### Task directions
A word-for-word copy of all entries is required, without images.

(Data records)
◆ ◆ ◆ ◆ ◆ ◆ ◆

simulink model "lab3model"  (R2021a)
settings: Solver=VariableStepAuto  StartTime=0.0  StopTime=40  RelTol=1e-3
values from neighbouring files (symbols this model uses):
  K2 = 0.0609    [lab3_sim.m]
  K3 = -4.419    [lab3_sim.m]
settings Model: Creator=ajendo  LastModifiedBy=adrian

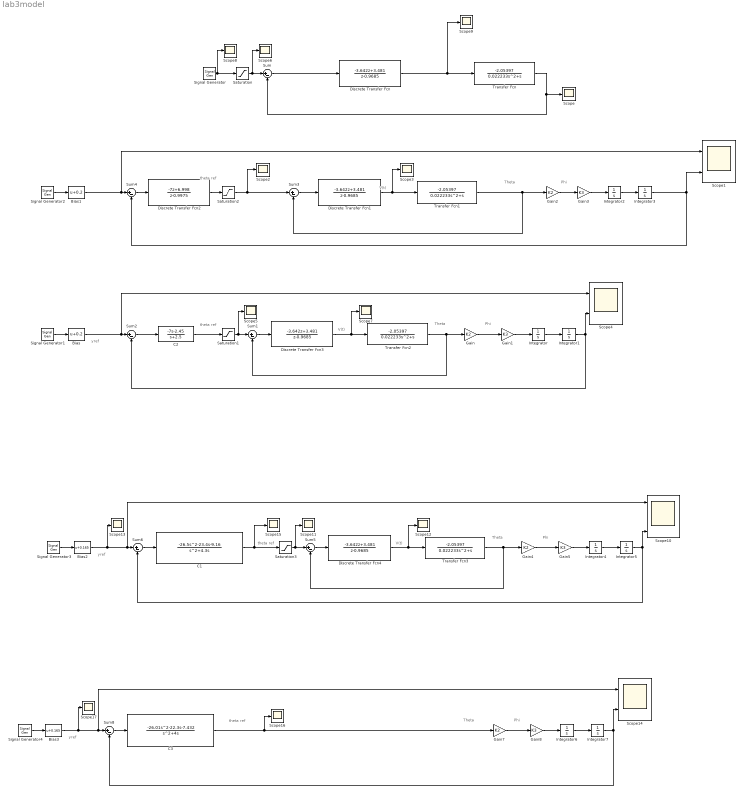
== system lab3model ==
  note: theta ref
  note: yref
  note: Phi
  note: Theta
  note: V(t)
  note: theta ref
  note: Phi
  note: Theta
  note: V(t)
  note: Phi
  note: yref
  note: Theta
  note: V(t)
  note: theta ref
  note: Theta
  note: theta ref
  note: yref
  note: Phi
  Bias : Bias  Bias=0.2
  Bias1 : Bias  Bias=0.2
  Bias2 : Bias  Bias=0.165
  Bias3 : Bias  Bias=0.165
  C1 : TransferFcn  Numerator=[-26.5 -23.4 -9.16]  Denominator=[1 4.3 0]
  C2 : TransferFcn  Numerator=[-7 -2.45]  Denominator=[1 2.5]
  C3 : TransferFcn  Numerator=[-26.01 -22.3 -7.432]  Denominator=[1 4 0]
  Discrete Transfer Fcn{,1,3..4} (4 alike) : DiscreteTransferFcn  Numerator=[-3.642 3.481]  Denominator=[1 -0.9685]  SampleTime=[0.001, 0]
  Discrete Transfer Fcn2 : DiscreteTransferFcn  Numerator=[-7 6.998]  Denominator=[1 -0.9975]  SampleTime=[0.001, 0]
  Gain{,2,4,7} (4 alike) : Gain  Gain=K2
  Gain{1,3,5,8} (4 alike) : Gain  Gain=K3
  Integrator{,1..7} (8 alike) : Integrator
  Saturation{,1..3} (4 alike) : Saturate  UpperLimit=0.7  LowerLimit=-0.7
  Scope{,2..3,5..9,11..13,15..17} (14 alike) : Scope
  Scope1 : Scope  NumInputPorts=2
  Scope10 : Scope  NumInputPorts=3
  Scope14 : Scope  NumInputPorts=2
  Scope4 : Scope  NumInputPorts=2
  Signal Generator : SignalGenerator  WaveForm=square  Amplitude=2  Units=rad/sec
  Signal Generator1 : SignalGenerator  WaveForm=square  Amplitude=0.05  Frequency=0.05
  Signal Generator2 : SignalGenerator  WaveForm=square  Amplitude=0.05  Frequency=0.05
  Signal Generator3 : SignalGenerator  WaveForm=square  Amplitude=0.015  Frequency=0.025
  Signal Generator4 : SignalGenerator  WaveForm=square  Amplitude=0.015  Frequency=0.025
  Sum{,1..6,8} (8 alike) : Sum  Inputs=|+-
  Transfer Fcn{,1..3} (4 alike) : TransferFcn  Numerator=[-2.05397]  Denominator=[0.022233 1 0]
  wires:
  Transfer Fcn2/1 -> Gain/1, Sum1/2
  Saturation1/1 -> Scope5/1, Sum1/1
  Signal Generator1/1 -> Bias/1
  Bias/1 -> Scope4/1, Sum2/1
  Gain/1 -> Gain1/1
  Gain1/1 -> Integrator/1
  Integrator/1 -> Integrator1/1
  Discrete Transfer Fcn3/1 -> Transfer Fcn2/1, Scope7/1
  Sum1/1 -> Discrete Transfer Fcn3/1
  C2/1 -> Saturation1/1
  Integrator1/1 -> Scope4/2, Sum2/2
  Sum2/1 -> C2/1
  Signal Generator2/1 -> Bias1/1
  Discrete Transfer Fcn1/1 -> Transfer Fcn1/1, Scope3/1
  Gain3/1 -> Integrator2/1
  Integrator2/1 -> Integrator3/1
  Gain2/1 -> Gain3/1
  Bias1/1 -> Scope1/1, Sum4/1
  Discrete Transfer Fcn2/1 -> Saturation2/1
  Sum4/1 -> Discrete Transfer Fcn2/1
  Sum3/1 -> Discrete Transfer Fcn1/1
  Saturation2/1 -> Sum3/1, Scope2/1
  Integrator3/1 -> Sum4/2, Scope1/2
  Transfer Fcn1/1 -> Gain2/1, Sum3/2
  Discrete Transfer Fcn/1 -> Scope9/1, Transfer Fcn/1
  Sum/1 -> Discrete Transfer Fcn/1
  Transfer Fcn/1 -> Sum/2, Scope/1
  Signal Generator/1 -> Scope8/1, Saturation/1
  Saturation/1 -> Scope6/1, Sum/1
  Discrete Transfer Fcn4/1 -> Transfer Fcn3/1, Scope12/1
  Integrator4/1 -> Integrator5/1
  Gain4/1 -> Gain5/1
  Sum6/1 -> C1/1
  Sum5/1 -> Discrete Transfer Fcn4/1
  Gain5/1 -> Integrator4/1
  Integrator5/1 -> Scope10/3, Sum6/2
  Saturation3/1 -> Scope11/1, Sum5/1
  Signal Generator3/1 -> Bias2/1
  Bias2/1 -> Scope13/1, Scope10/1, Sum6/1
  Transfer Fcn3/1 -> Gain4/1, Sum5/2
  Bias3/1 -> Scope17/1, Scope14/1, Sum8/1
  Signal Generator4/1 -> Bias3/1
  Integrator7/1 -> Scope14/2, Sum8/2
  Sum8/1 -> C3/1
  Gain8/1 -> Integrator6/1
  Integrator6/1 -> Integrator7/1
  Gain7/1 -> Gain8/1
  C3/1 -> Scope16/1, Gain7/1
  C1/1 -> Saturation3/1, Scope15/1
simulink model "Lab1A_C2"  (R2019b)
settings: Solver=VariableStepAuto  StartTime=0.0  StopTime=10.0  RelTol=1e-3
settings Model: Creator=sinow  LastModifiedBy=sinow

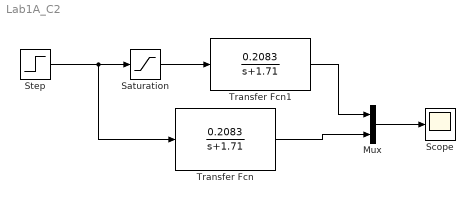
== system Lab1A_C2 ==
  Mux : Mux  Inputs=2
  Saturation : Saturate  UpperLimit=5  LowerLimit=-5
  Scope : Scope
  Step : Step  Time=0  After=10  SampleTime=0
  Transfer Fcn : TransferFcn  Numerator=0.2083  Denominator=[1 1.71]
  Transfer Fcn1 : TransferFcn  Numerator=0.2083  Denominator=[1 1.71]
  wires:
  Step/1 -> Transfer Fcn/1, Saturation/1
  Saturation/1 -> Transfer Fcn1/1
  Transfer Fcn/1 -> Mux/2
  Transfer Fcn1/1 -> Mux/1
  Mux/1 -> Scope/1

◆ ◆ ◆ ◆ ◆ ◆ ◆

### The completed task
simulink model "lab3model"  (R2021a)
settings: Solver=VariableStepAuto  StartTime=0.0  StopTime=40  RelTol=1e-3
values from neighbouring files (symbols this model uses):
  K2 = 0.0609    [lab3_sim.m]
  K3 = -4.419    [lab3_sim.m]
settings Model: Creator=ajendo  LastModifiedBy=adrian

== system lab3model ==
  note: theta ref
  note: yref
  note: Phi
  note: Theta
  note: V(t)
  note: theta ref
  note: Phi
  note: Theta
  note: V(t)
  note: Phi
  note: yref
  note: Theta
  note: V(t)
  note: theta ref
  note: Theta
  note: theta ref
  note: yref
  note: Phi
  Bias : Bias  Bias=0.2
  Bias1 : Bias  Bias=0.2
  Bias2 : Bias  Bias=0.165
  Bias3 : Bias  Bias=0.165
  C1 : TransferFcn  Numerator=[-26.5 -23.4 -9.16]  Denominator=[1 4.3 0]
  C2 : TransferFcn  Numerator=[-7 -2.45]  Denominator=[1 2.5]
  C3 : TransferFcn  Numerator=[-26.01 -22.3 -7.432]  Denominator=[1 4 0]
  Discrete Transfer Fcn{,1,3..4} (4 alike) : DiscreteTransferFcn  Numerator=[-3.642 3.481]  Denominator=[1 -0.9685]  SampleTime=[0.001, 0]
  Discrete Transfer Fcn2 : DiscreteTransferFcn  Numerator=[-7 6.998]  Denominator=[1 -0.9975]  SampleTime=[0.001, 0]
  Gain{,2,4,7} (4 alike) : Gain  Gain=K2
  Gain{1,3,5,8} (4 alike) : Gain  Gain=K3
  Integrator{,1..7} (8 alike) : Integrator
  Saturation{,1..3} (4 alike) : Saturate  UpperLimit=0.7  LowerLimit=-0.7
  Scope{,2..3,5..9,11..13,15..17} (14 alike) : Scope
  Scope1 : Scope  NumInputPorts=2
  Scope10 : Scope  NumInputPorts=3
  Scope14 : Scope  NumInputPorts=2
  Scope4 : Scope  NumInputPorts=2
  Signal Generator : SignalGenerator  WaveForm=square  Amplitude=2  Units=rad/sec
  Signal Generator1 : SignalGenerator  WaveForm=square  Amplitude=0.05  Frequency=0.05
  Signal Generator2 : SignalGenerator  WaveForm=square  Amplitude=0.05  Frequency=0.05
  Signal Generator3 : SignalGenerator  WaveForm=square  Amplitude=0.015  Frequency=0.025
  Signal Generator4 : SignalGenerator  WaveForm=square  Amplitude=0.015  Frequency=0.025
  Sum{,1..6,8} (8 alike) : Sum  Inputs=|+-
  Transfer Fcn{,1..3} (4 alike) : TransferFcn  Numerator=[-2.05397]  Denominator=[0.022233 1 0]
  wires:
  Transfer Fcn2/1 -> Gain/1, Sum1/2
  Saturation1/1 -> Scope5/1, Sum1/1
  Signal Generator1/1 -> Bias/1
  Bias/1 -> Scope4/1, Sum2/1
  Gain/1 -> Gain1/1
  Gain1/1 -> Integrator/1
  Integrator/1 -> Integrator1/1
  Discrete Transfer Fcn3/1 -> Transfer Fcn2/1, Scope7/1
  Sum1/1 -> Discrete Transfer Fcn3/1
  C2/1 -> Saturation1/1
  Integrator1/1 -> Scope4/2, Sum2/2
  Sum2/1 -> C2/1
  Signal Generator2/1 -> Bias1/1
  Discrete Transfer Fcn1/1 -> Transfer Fcn1/1, Scope3/1
  Gain3/1 -> Integrator2/1
  Integrator2/1 -> Integrator3/1
  Gain2/1 -> Gain3/1
  Bias1/1 -> Scope1/1, Sum4/1
  Discrete Transfer Fcn2/1 -> Saturation2/1
  Sum4/1 -> Discrete Transfer Fcn2/1
  Sum3/1 -> Discrete Transfer Fcn1/1
  Saturation2/1 -> Sum3/1, Scope2/1
  Integrator3/1 -> Sum4/2, Scope1/2
  Transfer Fcn1/1 -> Gain2/1, Sum3/2
  Discrete Transfer Fcn/1 -> Scope9/1, Transfer Fcn/1
  Sum/1 -> Discrete Transfer Fcn/1
  Transfer Fcn/1 -> Sum/2, Scope/1
  Signal Generator/1 -> Scope8/1, Saturation/1
  Saturation/1 -> Scope6/1, Sum/1
  Discrete Transfer Fcn4/1 -> Transfer Fcn3/1, Scope12/1
  Integrator4/1 -> Integrator5/1
  Gain4/1 -> Gain5/1
  Sum6/1 -> C1/1
  Sum5/1 -> Discrete Transfer Fcn4/1
  Gain5/1 -> Integrator4/1
  Integrator5/1 -> Scope10/3, Sum6/2
  Saturation3/1 -> Scope11/1, Sum5/1
  Signal Generator3/1 -> Bias2/1
  Bias2/1 -> Scope13/1, Scope10/1, Sum6/1
  Transfer Fcn3/1 -> Gain4/1, Sum5/2
  Bias3/1 -> Scope17/1, Scope14/1, Sum8/1
  Signal Generator4/1 -> Bias3/1
  Integrator7/1 -> Scope14/2, Sum8/2
  Sum8/1 -> C3/1
  Gain8/1 -> Integrator6/1
  Integrator6/1 -> Integrator7/1
  Gain7/1 -> Gain8/1
  C3/1 -> Scope16/1, Gain7/1
  C1/1 -> Saturation3/1, Scope15/1
simulink model "Lab1A_C2"  (R2019b)
settings: Solver=VariableStepAuto  StartTime=0.0  StopTime=10.0  RelTol=1e-3
settings Model: Creator=sinow  LastModifiedBy=sinow

== system Lab1A_C2 ==
  Mux : Mux  Inputs=2
  Saturation : Saturate  UpperLimit=5  LowerLimit=-5
  Scope : Scope
  Step : Step  Time=0  After=10  SampleTime=0
  Transfer Fcn : TransferFcn  Numerator=0.2083  Denominator=[1 1.71]
  Transfer Fcn1 : TransferFcn  Numerator=0.2083  Denominator=[1 1.71]
  wires:
  Step/1 -> Transfer Fcn/1, Saturation/1
  Saturation/1 -> Transfer Fcn1/1
  Transfer Fcn/1 -> Mux/2
  Transfer Fcn1/1 -> Mux/1
  Mux/1 -> Scope/1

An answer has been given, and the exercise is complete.